One of the easier ways would be to right click on 'My Computer', select 'Properties', 'Advanced', the 'Settings' button under 'Advanced', the 'Advanced' tab, and finally the 'Change' button under 'Virtual Memory'. Keep in mind (if you weren't already) that 1024MB == 1GB, and you've got to write it in terms of MB. Or have the system manage it (which is an option there.)

The amount you'll need. . . depends on a number of things, so I'll not give a ballpark figure right this moment.
 


I was about a gig under my max, so I cranked it up all the way. Many thanks Aus.

Under the maximum Recommended, or the Maximum allowed for the Drive the Virtual Memory is stored on?

If the latter, you may run into low disk space warnings, since virtual memory on a PC is essentially just a swap file on the hard drive.
 


You have a PC with X amount of RAM which sits on chips as part of the RAM sticks that you have in the PC. Some of this is used up by the OS but you probably get all but a few hundred meg of it. Say you have 2Gb. When you open more apps and burn through it all, eventually it runs out and the OS will start using the hard drive by swapping sections of real RAM out for virtual RAM. When it does this it gets slow as now instead of using hyper fast RAM bus speeds your at super slow HDD write speeds. But sometimes some apps sit idle in the background and you dont care.

Ok. If you have a single application that is chewing continuously through more than your PC chip RAM then performance falls of a cliff because your PC is constantly chugging the HDD to swap RAM into chip from HDD. We call that 'thrashing'.

You should set your virtual RAM limit to be controlled by windows or maybe about the amount of chip RAM again - i.e. you double your usable limit. If possible, sperad it over several HDDs as that might make it a bit faster with two drives delievering it.
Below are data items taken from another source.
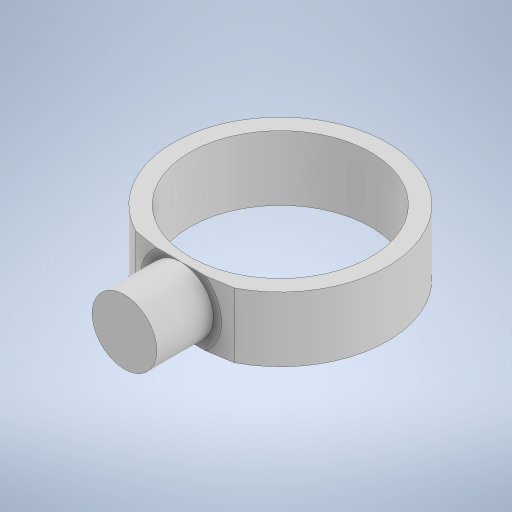
# Autodesk Inventor part: borde libre
Saved by Autodesk Inventor 2024 (Build 280153000, 153)
## iProperties
Created: 2024-04-03
Part Number: borde libre
Material: Generic
Document SubType Name: Modeling
Designer: compu
Density: 1 g/cm^3
Appearance: Default
Author: compu
Autodesk Inventor part; units mm, degrees
ref_plane "YZ Plane" through (0, 0, 0) normal (1, 0, 0) x (0, 1, 0)
ref_plane "XZ Plane" through (0, 0, 0) normal (0, 1, 0) x (-1, 0, 0)
ref_plane "XY Plane" through (0, 0, 0) normal (0, 0, 1) x (1, 0, 0)
sketch "Sketch1" plane through (0, 0, 0) normal (0, 1, 0) x (-1, 0, 0)
  line L0 (0, -18.55) -> (0, 18.55) projected
  line L1 (18.55, 0) -> (-18.55, 0) projected
  circle A0 centre (0, 0) radius 4
  circle A1 centre (0, 0) radius 11.2
  circle A2 centre (0, 0) radius 13.25
  line L2 (5, 12.2704) -> (-5, 12.2704)
  line L3 (6.0844, 11.7704) -> (-6.0844, 11.7704)
  dimension "d0" = 8
  dimension "d1" = 22.4
  dimension "d2" = 26.5
  dimension "d3" = 10
  dimension "d4" = 2.05
  dimension "d5" = 0.5
  constraints: 4 end point, 4 point on circle, 3 centre point, 3 coincident, 1 horizontal, 1 parallel
  measures "d0" diameter of A0
  measures "d1" diameter of A1
  measures "d2" diameter of A2
  measures "d3" distance of L2.start L2.end
  measures "d4" radial gap between concentric circles of A2 A1
  measures "d5" distance between parallel lines of L3 L2
extrude "Extrusion1" add sketch "Sketch1" along normal blind 8 contours A2 L1 A1 L0 | L0 A1 L1 A2 | A2 L3 L0 A1 L1 | L1 A1 L0 L3 A2
ref_plane "Work Plane1" through (6.0844, 0, 11.7704) normal (0, 0, 1) x (1, 0, 0)
sketch "Sketch2" plane through (6.0844, 0, 11.7704) normal (0, 0, 1) x (1, 0, 0)
  line L0 (-12.1689, 0) -> (0, 0) projected
  line L1 (0, 0) -> (0, 8) projected
  line L2 (-12.1689, 8) -> (0, 8) projected
  line L3 (-12.1689, 0) -> (-12.1689, 8) projected
  line L4 (-6.0844, -4.4) -> (-6.0844, 12.4) projected
  circle A0 centre (-6.0844, 4) radius 5
  point P0 (-6.0844, 0)
  point P1 (-9.0844, 8)
  point P2 (-9.0844, 0)
  point P3 (-3.0844, 0)
  point P4 (-3.0844, 8)
  dimension "d8" = 10
  dimension "d9" = 4
  constraints: 1 centre point, 1 midpoint
  measures "d8" diameter of A0
  measures "d9" distance from line of L0 A0.centre
extrude "Extrusion2" add sketch "Sketch2" along normal blind 0.5 contours A0 L2 L4 L0 | L4 L2 A0 L0
sketch "Sketch3" plane through (6.0844, 0, 12.2704) normal (0, 0, 1) x (1, 0, 0)
  line L0 (-9.0844, 0) -> (-3.0844, 0) projected
  arc A0 (-3.0844, 0) -> (-3.0844, 8) centre (-6.0844, 4) ccw projected
  line L1 (-3.0844, 8) -> (-9.0844, 8) projected
  arc A1 (-9.0844, 8) -> (-9.0844, 0) centre (-6.0844, 4) ccw projected
  circle A2 centre (-6.0844, 4) radius 4
  point P0 (-6.0844, 0)
  point P1 (-6.0844, 8)
  point P2 (-9.7017, 7)
  point P3 (-6.0844, 0)
  point P4 (-5.8287, 0)
  dimension "d12" = 8
  constraints: 1 centre point, 1 coincident
  measures "d12" diameter of A2
extrude "Extrusion3" add sketch "Sketch3" along normal blind 7 contours A2
loft "Loft1" add section 1 edges at (-4, 4, 12.2704) (-1.5, 8, 12.2704) (-5, 4, 12.2704) (-1.5, 0, 12.2704) section 2 edges at (-5, 4, 11.7704) (-4.5422, 8, 11.7704) (-6.0844, 4, 11.7704) (-4.5422, 0, 11.7704)
loft "Loft2" add section 1 edges at (2.8284, 6.8284, 12.2704) (2.8284, 1.1716, 12.2704) (1.5, 0, 12.2704) (5, 4, 12.2704) (1.5, 8, 12.2704) section 2 edges at (5, 4, 11.7704) (4.5422, 0, 11.7704) (6.0844, 4, 11.7704) (4.5422, 8, 11.7704)
body "Solid1"

Maybe...

If you have a serious amount of RAM like 4 or 8Gb then virtual RAM starts to diminish in value as it starts taking minutes to swap out on HDD. It might save your neck with a really big job but its unworkable as a long term way to run the system.

If you have a PC with 256Mb or 512Mb of RAM and using XP then you will continuously be tharashing and your system will be 10x slower than it could be for the sake of a few bucks of extra chip stick.

My advice, let windows manage the virtual RAM for you and make sure you keep a few gig free on the HDD that its assigned to for it to work with. Oh, and buy more chip RAM when you are able as not having enough makes a HUGE HUGE difference to speed.
 

Maximum recommended.

Is there a something wrong with putting it up to max allowed?

Aside from the specifics that Redrobes laid out, if you set the Virtual Memory to Max Allowed, you are essentially taking up ALL REMAINING free space on the Hard Drive that the virtual memory is sitting on. That leaves you with no HD space to save new files (or sometimes even open files since many programs actually create a temporary file on the hard drive to "work" in before you save it back to the original).

Not to mention, if the virtual memory file is larger than the Max Reccomended (usually 1.5x physical RAM), it takes longer and longer for the computer to read and write to the virtual memory/swap file since it's spread over a larger and larger physical space on the hard drive's platters, since it actually has to USE physical RAM to juggle the virtual memory file in and out, reducing the amount and efficiency of your physical RAM.
 

I agree, it's probably better to let Windows handle it in most cases. But I would disagree about simply adding (too much) RAM. Windows XP (the standard 32 bit version) can only access about, what, 3GB? So even 4GB is - if only just - overkill.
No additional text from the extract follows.